Erzeugerpreise verbessert

Vorbildlich geschlagen haben sich die österreichischen Molkereien im letzten Jahr bei den Bauernmilchpreisen. Der Vergleichswert für Milch mit 4,2 Prozent Fett und 3,4 Prozent Eiweiß inkl. Mehrwertsteuer, ein Wert, der den tatsächlichen Inhaltsstoffen am Nächsten kommt, konnte von 32,93 Cent auf 33,02 Cent leicht erhöht werden. Dies stellt eine hervorragende Leistung der österreichischen Milchwirtschaft dar, waren doch im internationalen Vergleich, z.B. Deutschland, Holland, Frankreich u.a. EU- Länder, durchwegs Preiseinbußen bei den Milchauszahlungs-preisen zu verzeichnen. Diese Leistung ist umso bemerkenswerter, weil es im Juli 2005 zu einer neuerlichen Absenkung der Interventionspreise für Magermilchpulver um 5 Prozent sowie für Butter um 7 Prozent gekommen ist.

 

Zusätzlich ist zu beachten, dass im Jahr 2005, die Milchprämie auf 2,36 Cent angehoben wurde (2005: 1,18 Cent), woraus sich für die Landwirte eine Verbesserung beim Milchgeld um ca. 1,2 Cent ergab.

 

„Die österreichischen Milchverarbeiter freuen sich über diese erfreuliche Entwicklung beim Milchauszahlungspreis, der somit für unsere Bauern im Jahr 2005 um 1,2 Cent, aber auch schon im Jahr 2004 um 1 Cent je Kilogramm verbessert werden konnte. Damit konnte auch eine positive Entwicklung bei den bäuerlichen Einkommen aus der Milchwirtschaft erzielt werden.
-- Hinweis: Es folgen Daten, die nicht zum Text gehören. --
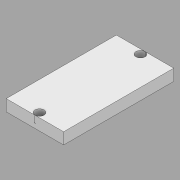
# Autodesk Inventor part: Bottom
Saved by Autodesk Inventor 2019 (Build 230136000, 136)
## iProperties
Created: 2020-02-01
Part Number: Bottom
Material: Generic
Document SubType Name: Modeling
Designer: alb16148
Density: 1 g/cm^3
Appearance: Default
Author: alb16148
Autodesk Inventor part; units mm, degrees
ref_plane "YZ Plane" through (0, 0, 0) normal (1, 0, 0) x (0, 1, 0)
ref_plane "XZ Plane" through (0, 0, 0) normal (0, 1, 0) x (-1, 0, 0)
ref_plane "XY Plane" through (0, 0, 0) normal (0, 0, 1) x (1, 0, 0)
sketch "Sketch1" plane through (0, 0, 0) normal (0, 1, 0) x (-1, 0, 0)
  line L0 (12.5, 24) -> (-12.5, 24)
  line L1 (-12.5, 24) -> (-12.5, -24)
  line L2 (-12.5, -24) -> (12.5, -24)
  line L3 (12.5, -24) -> (12.5, 24)
  point P0 (0, 0)
  dimension "d0" = 12.5
  dimension "d1" = 12.5
  dimension "d2" = 24
  dimension "d3" = 24
  constraints: 8 end point, 2 parallel, 1 horizontal, 1 perpendicular
  measures "d0" distance from line of L3 point (0, 0)
  measures "d1" distance from line of L1 point (0, 0)
  measures "d2" distance from line of L0 point (0, 0)
  measures "d3" distance from line of L2 point (0, 0)
extrude "Extrusion1" add sketch "Sketch1" along normal blind 5
sketch "Sketch2" plane through (0, 5, 0) normal (0, 1, 0) x (1, 0, 0)
  circle A0 centre (0, -22) radius 1.5
  circle A1 centre (0, 22) radius 1.5
  point P0 (0, 0)
  dimension "d6" = 3
  dimension "d7" = 3
  dimension "d8" = 22
  dimension "d9" = 22
  dimension "d10" = 0
  dimension "d11" = 0
  constraints: 2 centre point
  measures "d6" diameter of A0
  measures "d7" diameter of A1
  measures "d8" distance of A0.centre point (0, 0)
  measures "d9" distance of point (0, 0) A1.centre
  measures "d10" horizontal distance of point (0, 0) A0.centre
  measures "d11" horizontal distance of point (0, 0) A1.centre
extrude "Extrusion2" cut sketch "Sketch2" against normal up to surface (5 mm away)
sketch "Sketch4" plane through (0, 5, 0) normal (0, 1, 0) x (1, 0, 0)
  circle A0 centre (0, -22) radius 1.5 projected
  circle A1 centre (0, 22) radius 1.5 projected
  line L0 (-12.5, -24) -> (12.5, -24) projected
  line L1 (12.5, -24) -> (12.5, 24) projected
  line L2 (12.5, 24) -> (-12.5, 24) projected
  line L3 (-12.5, 24) -> (-12.5, -24) projected
  circle A2 centre (0, -22) radius 2
  circle A3 centre (0, 22) radius 2
  point P0 (0, 0)
  dimension "d14" = 4
  dimension "d15" = 4
  constraints: 2 centre point, 2 coincident
  measures "d14" diameter of A2
  measures "d15" diameter of A3
extrude "Extrusion3" cut sketch "Sketch4" against normal blind 3 contours A2 | A3
equation "\"d1\" = d0"
equation "\"d3\" = d2"
body "Solid1"

Insgesamt ist es der Milchwirtschaft seit Inkrafttreten der Agrarreform gelungen, die Interventionspreisabsenkungen weitgehend abzufangen, während die Milchprämie sogar zu Erlösverbesserungen geführt hat“, erklärte Steiner.

 

Österreichische Milchpreise über EU-Durchschnitt

Österreichs Milchpreise liegen auch über dem EU-Durchschnitt, dies ergeben sowohl die offiziellen Daten der Europäischen Kommission, die allerdings noch nicht für alle Mitgliedsstaaten vorliegen, als auch der renommierte internationale Milchpreisvergleich der LTO Niederlande, der die Auszahlungspreise der wichtigsten europäischen Molkereien gegenüber stellt. Er kommt für das abgelaufene Jahr auf 28,53 Cent pro Kilogramm im Durchschnitt (Preisbasis 4,2 Prozent Fett, 3,35 Eiweiß, ohne Steuern, Anlieferung 350.000 Kilogramm), der österreichische Wert auf gleicher Basis liegt bei 29,29 Cent pro Kilogramm (+ 0,76 Cent). Die ZMP er-rechnet für Deutschland bei Standardmilch (3,7 Prozent Fett/3,4 Prozent Eiweiß) einen Rückgang von 27,96 Cent/kg auf 27,60 Cent/kg   (- 0,36 Cent/kg).

 

Strukturwandel geht weiter

Die Zahl der Milchlieferanten fiel im Jahr 2005 von 51.000 auf nunmehr ca. 48.000, was einen Rückgang um ca. 6 Prozent bedeutet. Das durchschnittlich erlöste Milchgeld je Milchlieferant lag bei 18.006,-- Euro, abzüglich Zusatzabgabe bei 17.587,-- Euro, zusätzlich erhält jeder Landwirt im Schnitt ca. 1.305,-- Euro Milchprämie von der EU. Die Gesamteinnahmen je Milchbauer aus der Milchwirtschaft konnten somit 2005 von 17.330,-- Euro auf ca. 18.892,-- Euro (+ 9 Prozent) verbessert werden.

 

Marktentwicklung 2005

Die Absatzentwicklung auf dem heimischen Milchmarkt zeigte im abgelaufenen Jahr eine insgesamt stabile, in einzelnen Bereichen allerdings differenzierte Entwicklung, wobei sich die österreichischen Produkte gegenüber dem verstärkten Importdruck von Billigware gut behaupten konnten.

 

Weiße Palette

Wertmäßig konnte bei der Weißen Palette insgesamt ein Plus von 2 Prozent, mengenmäßig ein Minus von 1 Prozent erzielt werden, wobei Frischmilch mengenmäßig bei minus 8 Prozent / wertmäßig minus 2 Prozent zu liegen kam. Starke Zuwächse gab es vor allem bei ESL-Milch (57 Prozent Menge / 68 Prozent bei Wert) sowie bei Naturjoghurt (8 Prozent bei Menge / 13 Prozent bei Wert). Das Wachstum bei Milchmischgetränken wurde im letzten Jahr etwas gebremst, die Erklärung dafür könnte im verregneten Sommer liegen. Der Butterabsatz konnte in Österreich gehalten werden, zu beachten ist hier, dass Konkurrenz-produkte Margarine und andere pflanzliche Fette deutliche Einbußen zu verzeichnen hatten.

 

Käse

Bei Käse gab es eine positive Entwicklung bei der Produktion (+ 3 Prozent). Leicht rückläufig war der Inlandskonsum mit – 2,1 Prozent in der Menge und – 1,3 Prozent im Wert. Positiv entwickelten sich Schnittkäse und Hartkäse, rückläufig waren Schmelzkäse und Frischkäse.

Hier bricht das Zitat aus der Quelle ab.